Town of Sunnyvale staff updated the council Monday on two proposed alignments for State Highway (SH) 190 through the town’s northeastern “lakefront” area and asked the council for guidance on which alignment to endorse.
Town staff member Lyle presented aerial maps and a summary of differences between the long-standing green route, labeled Alternative 1, and a more recently developed pink route called Alternative 3. “The current alignment alternate 1 displaces a total of 3 residents, 3 homes,” Lyle said. “If it was to be shifted to the pink alignment of the original 3, 2 of those would be removed and would no longer be subject to displacement. … it adds 4 more residents that were not formally displaced.
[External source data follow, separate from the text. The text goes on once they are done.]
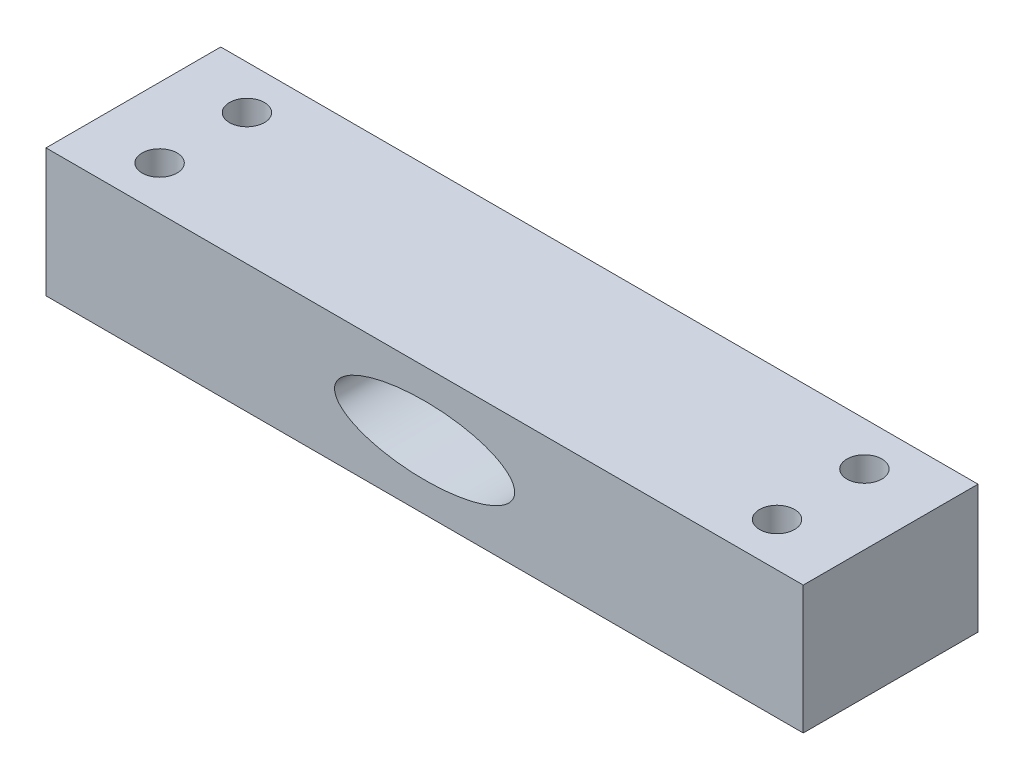
from build123d import *

# Parameters (mm, degrees)
SKETCH1_W           = 130
SKETCH1_H           = 30
BOSS_EXTRUDE1_DEPTH = 22
SKETCH2_RX          = 15.461746976
SKETCH2_RY          = 5.884694745
CUT_EXTRUDE1_DEPTH  = 75.893257373
SKETCH3_R           = 3
CUT_EXTRUDE2_DEPTH  = 71.242437461
SKETCH4_W           = 1.384926884
SKETCH4_H           = 15.203419573
CUT_EXTRUDE3_DEPTH  = 2


with BuildPart() as part:
    # Sketch1 → Boss-Extrude1 (new body)
    with BuildSketch(Plane(origin=(0, 0, 0), x_dir=(1, 0, 0), z_dir=(0, 1, 0))):
        Rectangle(SKETCH1_W, SKETCH1_H)
    extrude(amount=BOSS_EXTRUDE1_DEPTH)

    # Sketch2 → Cut-Extrude1 (cut, through all)
    with BuildSketch(Plane.XY.offset(15)):
        with Locations((0, 11)):
            Ellipse(SKETCH2_RX, SKETCH2_RY)
    extrude(amount=-CUT_EXTRUDE1_DEPTH, mode=Mode.SUBTRACT)

    # Sketch3 → Cut-Extrude2 (cut, through all)
    with BuildSketch(Plane(origin=(0, 22, 0), x_dir=(1, 0, 0), z_dir=(0, 1, 0))):
        with Locations((-53, 7.5)):
            Circle(SKETCH3_R)
        with Locations((53, 7.5)):
            Circle(SKETCH3_R)
        with Locations((53, -7.5)):
            Circle(SKETCH3_R)
        with Locations((-53, -7.5)):
            Circle(SKETCH3_R)
    extrude(amount=-CUT_EXTRUDE2_DEPTH, mode=Mode.SUBTRACT)

    # Sketch4 → Cut-Extrude3 (cut)
    with BuildSketch(Plane.ZY.offset(65)):
        with Locations((0, 9.722789651)):
            Rectangle(SKETCH4_W, SKETCH4_H)
    extrude(amount=-CUT_EXTRUDE3_DEPTH, mode=Mode.SUBTRACT)


solid = part.part
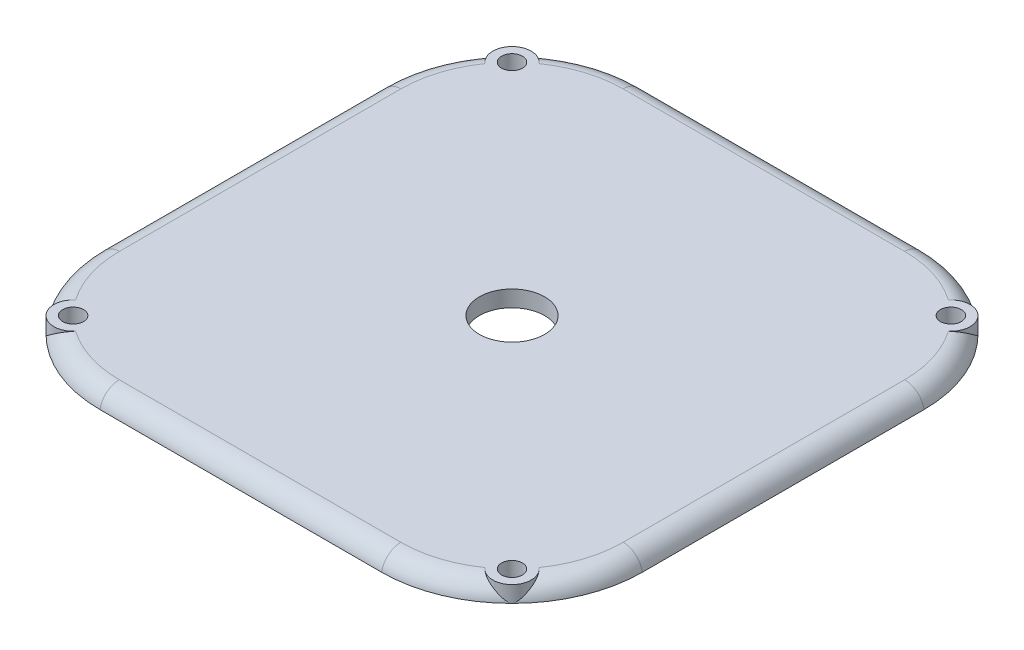
from build123d import *

# Parameters (mm, degrees)
SKETCH1_W           = 83.2
SKETCH1_H           = 83.2
BOSS_EXTRUDE1_DEPTH = 2.5
FILLET1_R           = 20
FILLET2_R           = 3
SKETCH2_R           = 1.6
CUT_EXTRUDE1_DEPTH  = 5
BOSS_EXTRUDE2_START = -2.5
SKETCH4_R           = 2.941812426
SKETCH4_R_2         = 1.6
BOSS_EXTRUDE2_DEPTH = 2.5
SKETCH5_R           = 5
CUT_EXTRUDE2_DEPTH  = 5


with BuildPart() as part:
    # Sketch1 → Boss-Extrude1 (new body)
    with BuildSketch(Plane(origin=(0, 0, 0), x_dir=(1, 0, 0), z_dir=(0, 1, 0))):
        with Locations((-2.816666667, -3.141666667)):
            Rectangle(SKETCH1_W, SKETCH1_H)
    extrude(amount=BOSS_EXTRUDE1_DEPTH)

    # Fillet1
    fillet1_edges = [part.edges().sort_by_distance(p)[0] for p in [
        (-44.416666667, 1.25, -38.458333333),
        (38.783333333, 1.25, -38.458333333),
        (38.783333333, 1.25, 44.741666667),
        (-44.416666667, 1.25, 44.741666667),
    ]]
    fillet(fillet1_edges, radius=FILLET1_R)

    # Fillet2
    # the kernel refuses this fillet: 3 mm, written as the material it takes off along each edge
    with BuildSketch(Plane(origin=(18.783333333, 2.5, -18.458333333), x_dir=(0, 0, -1), z_dir=(-1, 0, 0))) as fillet2_piece_1:
        with BuildLine():
            CenterArc((17.041960108, 3), FILLET2_R, 270, 80.405931773)
            Line((17.041960108, 0), (17.041960108, -0.06))
            Line((17.041960108, -0.06), (20, -0.06))
            Line((20, -0.06), (20.06, 0))
            ThreePointArc((20.06, 0), (20.06, 1.25), (20.059160798, 2.49))
            Line((20.059160798, 2.49), (20, 2.5))
        make_face()
    revolve(axis=Axis((18.783333333, 2.5, -18.458333333), (0, -1, 0)), revolution_arc=90, mode=Mode.SUBTRACT)
    with BuildSketch(Plane(origin=(38.783333333, 2.5, -18.458333333), x_dir=(-1, 0, 0), z_dir=(0, 0, 1)), Plane(origin=(18.783333333, 2.5, 44.741666667), x_dir=(0, 0, -1), z_dir=(-1, 0, 0)), Plane(origin=(-44.416666667, 2.5, 24.741666667), x_dir=(1, 0, 0), z_dir=(0, 0, -1))) as fillet2_piece_2:
        with BuildLine():
            CenterArc((2.958039892, 3), FILLET2_R, 189.594068227, 80.405931773)
            Line((0, 2.5), (-0.059160798, 2.49))
            ThreePointArc((-0.059160798, 2.49), (-0.06, 1.25), (-0.06, 0))
            Line((-0.06, 0), (0, -0.06))
            Line((0, -0.06), (2.958039892, -0.06))
            Line((2.958039892, -0.06), (2.958039892, 0))
        make_face()
    extrude(amount=43.2, mode=Mode.SUBTRACT)
    with BuildSketch(Plane(origin=(18.783333333, 2.5, 24.741666667), x_dir=(1, 0, 0), z_dir=(0, 0, -1))) as fillet2_piece_3:
        with BuildLine():
            CenterArc((17.041960108, 3), FILLET2_R, 270, 80.405931773)
            Line((20, 2.5), (20.059160798, 2.49))
            ThreePointArc((20.059160798, 2.49), (20.06, 1.25), (20.06, 0))
            Line((20.06, 0), (20, -0.06))
            Line((20, -0.06), (17.041960108, -0.06))
            Line((17.041960108, -0.06), (17.041960108, 0))
        make_face()
    revolve(axis=Axis((18.783333333, 2.5, 24.741666667), (0, -1, 0)), revolution_arc=90, mode=Mode.SUBTRACT)
    with BuildSketch(Plane(origin=(-24.416666667, 2.5, 24.741666667), x_dir=(0, 0, 1), z_dir=(1, 0, 0))) as fillet2_piece_4:
        with BuildLine():
            CenterArc((17.041960108, 3), FILLET2_R, 270, 80.405931773)
            Line((20, 2.5), (20.059160798, 2.49))
            ThreePointArc((20.059160798, 2.49), (20.06, 1.25), (20.06, 0))
            Line((20.06, 0), (20, -0.06))
            Line((20, -0.06), (17.041960108, -0.06))
            Line((17.041960108, -0.06), (17.041960108, 0))
        make_face()
    revolve(axis=Axis((-24.416666667, 2.5, 24.741666667), (0, -1, 0)), revolution_arc=90, mode=Mode.SUBTRACT)
    with BuildSketch(Plane(origin=(-24.416666667, 2.5, -18.458333333), x_dir=(0, 0, -1), z_dir=(1, 0, 0))) as fillet2_piece_5:
        with BuildLine():
            CenterArc((17.041960108, -3), FILLET2_R, 9.594068227, 80.405931773)
            Line((17.041960108, 0), (17.041960108, 0.06))
            Line((17.041960108, 0.06), (20, 0.06))
            Line((20, 0.06), (20.06, 0))
            ThreePointArc((20.06, 0), (20.06, -1.25), (20.059160798, -2.49))
            Line((20.059160798, -2.49), (20, -2.5))
        make_face()
    revolve(axis=Axis((-24.416666667, 2.5, -18.458333333), (0, 1, 0)), revolution_arc=90, mode=Mode.SUBTRACT)
    with BuildSketch(Plane(origin=(-24.416666667, 2.5, -38.458333333), x_dir=(0, -1, 0), z_dir=(1, 0, 0))) as fillet2_piece_6:
        with BuildLine():
            CenterArc((3, -2.958039892), FILLET2_R, 99.594068227, 80.405931773)
            Line((0, -2.958039892), (-0.06, -2.958039892))
            Line((-0.06, -2.958039892), (-0.06, 0))
            Line((-0.06, 0), (0, 0.06))
            ThreePointArc((0, 0.06), (1.25, 0.06), (2.49, 0.059160798))
            Line((2.49, 0.059160798), (2.5, 0))
        make_face()
    extrude(amount=43.2, mode=Mode.SUBTRACT)

    # Sketch2 → Cut-Extrude1 (cut)
    with BuildSketch(Plane(origin=(0, 2.5, 0), x_dir=(1, 0, 0), z_dir=(0, 1, 0))):
        with Locations(Location((-36.478626775, 30.520293442, 0), (0, 0, 270))):
            Circle(SKETCH2_R)
        with Locations(Location((30.845293442, 30.520293442, 0), (0, 0, 270))):
            Circle(SKETCH2_R)
        with Locations(Location((30.845293442, -36.803626775, 0), (0, 0, 270))):
            Circle(SKETCH2_R)
        with Locations(Location((-36.478626775, -36.803626775, 0), (0, 0, 270))):
            Circle(SKETCH2_R)
    extrude(amount=-CUT_EXTRUDE1_DEPTH, mode=Mode.SUBTRACT)

    # Sketch4 → Boss-Extrude2 (add)
    # profile 1 of 4: a face of its own
    with BuildSketch(Plane.XZ.offset(BOSS_EXTRUDE2_START)):
        with Locations((-36.478626775, 36.803626775)):
            Circle(SKETCH4_R)
        with Locations(Location((-36.478626775, 36.803626775, 0), (0, 0, 90))):
            Circle(SKETCH4_R_2, mode=Mode.SUBTRACT)
    # profile 2 of 4: a face of its own
    with BuildSketch(Plane.XZ.offset(BOSS_EXTRUDE2_START)):
        with Locations((30.845293442, 36.803626775)):
            Circle(SKETCH4_R)
        with Locations(Location((30.845293442, 36.803626775, 0), (0, 0, 90))):
            Circle(SKETCH4_R_2, mode=Mode.SUBTRACT)
    # profile 3 of 4: a face of its own
    with BuildSketch(Plane.XZ.offset(BOSS_EXTRUDE2_START)):
        with Locations((30.845293442, -30.520293442)):
            Circle(SKETCH4_R)
        with Locations(Location((30.845293442, -30.520293442, 0), (0, 0, 90))):
            Circle(SKETCH4_R_2, mode=Mode.SUBTRACT)
    # profile 4 of 4: a face of its own
    with BuildSketch(Plane.XZ.offset(BOSS_EXTRUDE2_START)):
        with Locations((-36.478626775, -30.520293442)):
            Circle(SKETCH4_R)
        with Locations(Location((-36.478626775, -30.520293442, 0), (0, 0, 90))):
            Circle(SKETCH4_R_2, mode=Mode.SUBTRACT)
    extrude(amount=BOSS_EXTRUDE2_DEPTH)

    # Sketch5 → Cut-Extrude2 (cut)
    with BuildSketch(Plane(origin=(0, 2.5, 0), x_dir=(1, 0, 0), z_dir=(0, 1, 0))):
        with Locations(Location((-2.816666667, -3.141666667, 0), (0, 0, 270))):
            Circle(SKETCH5_R)
    extrude(amount=-CUT_EXTRUDE2_DEPTH, mode=Mode.SUBTRACT)


solid = part.part

So now you would have 5 total displacements.”
The presentation said Alternative 1 had been the generally accepted alignment for several years and that a 2012 council resolution specified a depressed main-lane section with at‑grade frontage roads to preserve access to East Fork Road and Towneys Boulevard. Alternative 3 was developed after the town asked the North Texas Tollway Authority (NTTA) and consultant Jacobs whether the corridor could be shifted west while keeping the depressed main lanes; NTTA and Jacobs provided a memo, but did not speak to the council directly.
Lyle said engineering and construction costs for the two options would be similar, and that Alternative 3 is “slightly better from an operational standpoint” because it produces a straighter freeway alignment. But he emphasized the displacement count as the key local difference.
Residents who spoke during the opened public-comment period urged the council to consider the long record of planning and the impacts on property owners. Brad Smith of EBRS Ranch told the council the alternate 3 alignment “does increase the probability of any extra land that could go into that quality” lakefront development, arguing that the extra developable acreage could help a future waterfront project. Richard Michke, a longtime resident, urged the council to value consistency with past public planning and the 2012 resolution, saying the earlier process gave homeowners time to plan and make choices.
Council members asked staff for more detailed, comparable data on all three mapped alternatives, particularly about how noise, setback distances and developable acreage would change. Councilmember Shanna Danny asked for a chart comparing displacement numbers, neighborhood impacts and any town costs. Lyle said there is no cost to the town for right‑of‑way acquisition or utility relocations; NTTA would pay those expenses because this is a new roadway.
The council did not direct a preference at the meeting. Staff requested formal direction so NTTA could adopt the town’s preferred alignment; council members said they want more information and public input before making that decision.
The council agreed to bring the item back as an action item at a future meeting so members can make a formal selection of a preferred alignment after receiving the additional details requested.